***** Entries provided *****

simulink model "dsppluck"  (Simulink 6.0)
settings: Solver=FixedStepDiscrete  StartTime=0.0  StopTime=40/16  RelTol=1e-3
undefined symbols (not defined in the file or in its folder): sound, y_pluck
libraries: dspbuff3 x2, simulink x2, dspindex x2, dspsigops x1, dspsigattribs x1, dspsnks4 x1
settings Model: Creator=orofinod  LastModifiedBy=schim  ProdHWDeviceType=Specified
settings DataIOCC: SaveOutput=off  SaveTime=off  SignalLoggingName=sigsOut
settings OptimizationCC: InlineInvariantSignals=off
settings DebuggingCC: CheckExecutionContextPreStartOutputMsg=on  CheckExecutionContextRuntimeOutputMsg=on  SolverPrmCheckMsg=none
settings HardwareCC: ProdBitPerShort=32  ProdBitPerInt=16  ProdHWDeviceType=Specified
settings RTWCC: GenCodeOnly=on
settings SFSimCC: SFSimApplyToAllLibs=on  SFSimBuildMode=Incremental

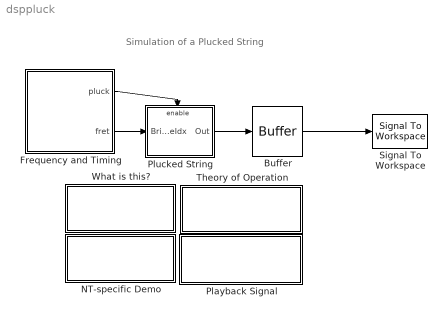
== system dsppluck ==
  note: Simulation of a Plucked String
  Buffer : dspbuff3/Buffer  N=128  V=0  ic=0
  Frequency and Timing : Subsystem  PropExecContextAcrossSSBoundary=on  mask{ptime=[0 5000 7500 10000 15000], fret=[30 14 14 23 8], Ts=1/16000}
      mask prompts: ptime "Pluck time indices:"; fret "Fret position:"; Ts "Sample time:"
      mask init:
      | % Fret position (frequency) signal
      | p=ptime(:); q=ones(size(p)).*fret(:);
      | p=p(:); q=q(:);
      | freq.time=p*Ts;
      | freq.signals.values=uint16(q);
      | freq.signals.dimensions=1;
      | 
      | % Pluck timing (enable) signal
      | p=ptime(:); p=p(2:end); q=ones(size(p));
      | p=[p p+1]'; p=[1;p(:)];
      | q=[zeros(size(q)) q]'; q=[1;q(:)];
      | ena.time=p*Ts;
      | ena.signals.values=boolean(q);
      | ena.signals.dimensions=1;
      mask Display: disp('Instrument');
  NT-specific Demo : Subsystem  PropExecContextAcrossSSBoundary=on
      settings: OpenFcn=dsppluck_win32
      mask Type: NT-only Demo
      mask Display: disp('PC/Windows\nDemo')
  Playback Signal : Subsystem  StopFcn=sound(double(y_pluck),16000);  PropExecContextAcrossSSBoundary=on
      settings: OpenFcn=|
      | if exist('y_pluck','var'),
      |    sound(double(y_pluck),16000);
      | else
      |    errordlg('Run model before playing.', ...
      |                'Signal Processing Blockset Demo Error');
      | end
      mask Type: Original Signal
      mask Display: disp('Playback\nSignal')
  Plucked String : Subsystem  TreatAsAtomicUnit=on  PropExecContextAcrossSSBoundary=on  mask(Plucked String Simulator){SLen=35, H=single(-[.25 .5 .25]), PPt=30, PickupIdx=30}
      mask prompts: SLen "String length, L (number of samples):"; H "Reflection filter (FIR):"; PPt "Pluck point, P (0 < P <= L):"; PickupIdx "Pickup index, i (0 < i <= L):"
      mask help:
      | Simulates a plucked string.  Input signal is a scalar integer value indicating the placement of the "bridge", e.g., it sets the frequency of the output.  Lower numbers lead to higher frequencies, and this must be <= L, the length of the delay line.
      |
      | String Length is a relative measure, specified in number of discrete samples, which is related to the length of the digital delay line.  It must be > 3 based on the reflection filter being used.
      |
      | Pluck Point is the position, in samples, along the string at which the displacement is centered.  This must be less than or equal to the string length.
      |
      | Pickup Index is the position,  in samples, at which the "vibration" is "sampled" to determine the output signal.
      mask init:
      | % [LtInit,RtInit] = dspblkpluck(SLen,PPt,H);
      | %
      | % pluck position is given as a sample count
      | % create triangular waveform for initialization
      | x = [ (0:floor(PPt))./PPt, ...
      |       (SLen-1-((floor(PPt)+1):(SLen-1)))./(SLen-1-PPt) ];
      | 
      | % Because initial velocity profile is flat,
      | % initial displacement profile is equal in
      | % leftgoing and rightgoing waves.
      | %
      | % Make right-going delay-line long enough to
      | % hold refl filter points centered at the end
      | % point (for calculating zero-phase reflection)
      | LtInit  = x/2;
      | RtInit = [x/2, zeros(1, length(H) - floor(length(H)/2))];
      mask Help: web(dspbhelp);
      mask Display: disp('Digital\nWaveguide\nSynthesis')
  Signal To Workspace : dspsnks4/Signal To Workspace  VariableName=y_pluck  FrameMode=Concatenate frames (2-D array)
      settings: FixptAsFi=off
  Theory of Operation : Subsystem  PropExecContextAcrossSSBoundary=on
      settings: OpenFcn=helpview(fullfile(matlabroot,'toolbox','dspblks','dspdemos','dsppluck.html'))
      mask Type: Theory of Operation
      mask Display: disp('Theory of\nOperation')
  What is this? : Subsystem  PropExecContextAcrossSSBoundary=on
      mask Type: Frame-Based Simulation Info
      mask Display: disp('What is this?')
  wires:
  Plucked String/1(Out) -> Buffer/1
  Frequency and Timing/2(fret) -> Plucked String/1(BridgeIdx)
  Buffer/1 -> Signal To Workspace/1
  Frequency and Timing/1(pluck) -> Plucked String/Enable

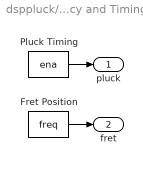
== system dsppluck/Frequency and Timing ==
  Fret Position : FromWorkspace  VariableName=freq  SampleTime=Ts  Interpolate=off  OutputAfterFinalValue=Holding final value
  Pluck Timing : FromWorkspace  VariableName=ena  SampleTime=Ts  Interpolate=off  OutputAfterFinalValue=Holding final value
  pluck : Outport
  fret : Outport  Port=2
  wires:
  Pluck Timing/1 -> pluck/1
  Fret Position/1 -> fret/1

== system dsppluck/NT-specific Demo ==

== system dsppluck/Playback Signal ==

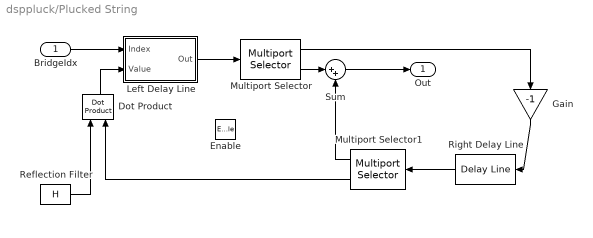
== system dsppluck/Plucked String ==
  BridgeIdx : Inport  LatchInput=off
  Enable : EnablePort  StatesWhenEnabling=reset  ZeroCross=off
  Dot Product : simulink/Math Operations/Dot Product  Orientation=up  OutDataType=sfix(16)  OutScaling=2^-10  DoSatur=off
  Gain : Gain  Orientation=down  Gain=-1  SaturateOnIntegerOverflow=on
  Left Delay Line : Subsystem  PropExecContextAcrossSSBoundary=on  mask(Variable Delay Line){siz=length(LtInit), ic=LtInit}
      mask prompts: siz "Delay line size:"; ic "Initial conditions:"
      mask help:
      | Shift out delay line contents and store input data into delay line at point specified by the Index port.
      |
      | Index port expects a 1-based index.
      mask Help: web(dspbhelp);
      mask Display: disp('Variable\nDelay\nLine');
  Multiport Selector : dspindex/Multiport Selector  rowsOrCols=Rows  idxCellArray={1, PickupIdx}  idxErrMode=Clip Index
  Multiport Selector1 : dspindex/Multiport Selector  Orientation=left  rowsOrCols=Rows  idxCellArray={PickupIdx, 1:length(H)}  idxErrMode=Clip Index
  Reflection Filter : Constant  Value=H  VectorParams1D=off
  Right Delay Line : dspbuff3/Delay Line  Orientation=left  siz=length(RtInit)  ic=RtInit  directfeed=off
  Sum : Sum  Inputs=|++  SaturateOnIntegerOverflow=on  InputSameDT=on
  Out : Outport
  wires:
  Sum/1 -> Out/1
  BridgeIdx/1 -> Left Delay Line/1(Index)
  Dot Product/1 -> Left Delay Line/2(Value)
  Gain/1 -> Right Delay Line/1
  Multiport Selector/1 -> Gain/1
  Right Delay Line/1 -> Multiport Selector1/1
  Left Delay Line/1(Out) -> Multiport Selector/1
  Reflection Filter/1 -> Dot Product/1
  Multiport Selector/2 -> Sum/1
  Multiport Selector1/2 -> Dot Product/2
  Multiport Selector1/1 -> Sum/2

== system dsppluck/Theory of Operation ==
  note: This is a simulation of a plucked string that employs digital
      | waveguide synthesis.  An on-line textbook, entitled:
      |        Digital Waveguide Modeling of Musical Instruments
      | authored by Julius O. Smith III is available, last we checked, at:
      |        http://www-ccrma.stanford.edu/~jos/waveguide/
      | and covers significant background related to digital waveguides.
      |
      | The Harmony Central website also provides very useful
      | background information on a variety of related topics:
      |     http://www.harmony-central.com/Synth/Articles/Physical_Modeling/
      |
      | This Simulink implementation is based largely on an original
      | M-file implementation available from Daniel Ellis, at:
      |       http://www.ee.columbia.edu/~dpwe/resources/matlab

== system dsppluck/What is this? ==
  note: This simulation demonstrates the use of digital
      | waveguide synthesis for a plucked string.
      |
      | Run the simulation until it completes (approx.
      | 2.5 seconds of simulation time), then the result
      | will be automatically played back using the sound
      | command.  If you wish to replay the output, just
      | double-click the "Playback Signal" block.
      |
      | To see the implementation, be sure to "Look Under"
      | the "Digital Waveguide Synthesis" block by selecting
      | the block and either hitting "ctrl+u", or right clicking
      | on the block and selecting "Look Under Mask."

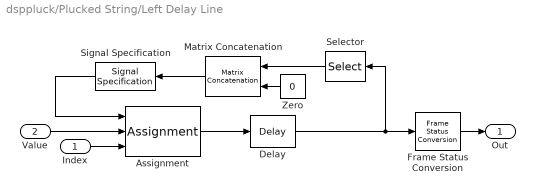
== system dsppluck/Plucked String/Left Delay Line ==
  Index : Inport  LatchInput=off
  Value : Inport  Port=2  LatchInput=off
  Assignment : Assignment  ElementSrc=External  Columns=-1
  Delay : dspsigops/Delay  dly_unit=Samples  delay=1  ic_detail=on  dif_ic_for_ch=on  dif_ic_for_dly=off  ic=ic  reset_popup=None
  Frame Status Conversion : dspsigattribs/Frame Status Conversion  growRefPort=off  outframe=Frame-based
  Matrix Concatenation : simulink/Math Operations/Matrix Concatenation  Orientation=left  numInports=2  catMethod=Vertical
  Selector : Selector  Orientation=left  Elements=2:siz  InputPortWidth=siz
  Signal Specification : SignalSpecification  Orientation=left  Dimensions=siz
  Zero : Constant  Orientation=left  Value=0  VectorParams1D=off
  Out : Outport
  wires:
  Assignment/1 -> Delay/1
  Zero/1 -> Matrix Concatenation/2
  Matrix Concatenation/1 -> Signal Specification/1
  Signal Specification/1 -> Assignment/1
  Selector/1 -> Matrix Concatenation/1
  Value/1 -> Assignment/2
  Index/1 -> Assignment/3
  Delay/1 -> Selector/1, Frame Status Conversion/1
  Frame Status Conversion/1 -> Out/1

*****

Requirement: An exact copy of the lines above between the line holding "BridgeIdx/1 -> Left Delay Line/1(Index)" and the line holding "Multiport Selector1/2 -> Dot Product/2", inclusive, is the whole answer.

Response for this exercise:
  BridgeIdx/1 -> Left Delay Line/1(Index)
  Dot Product/1 -> Left Delay Line/2(Value)
  Gain/1 -> Right Delay Line/1
  Multiport Selector/1 -> Gain/1
  Right Delay Line/1 -> Multiport Selector1/1
  Left Delay Line/1(Out) -> Multiport Selector/1
  Reflection Filter/1 -> Dot Product/1
  Multiport Selector/2 -> Sum/1
  Multiport Selector1/2 -> Dot Product/2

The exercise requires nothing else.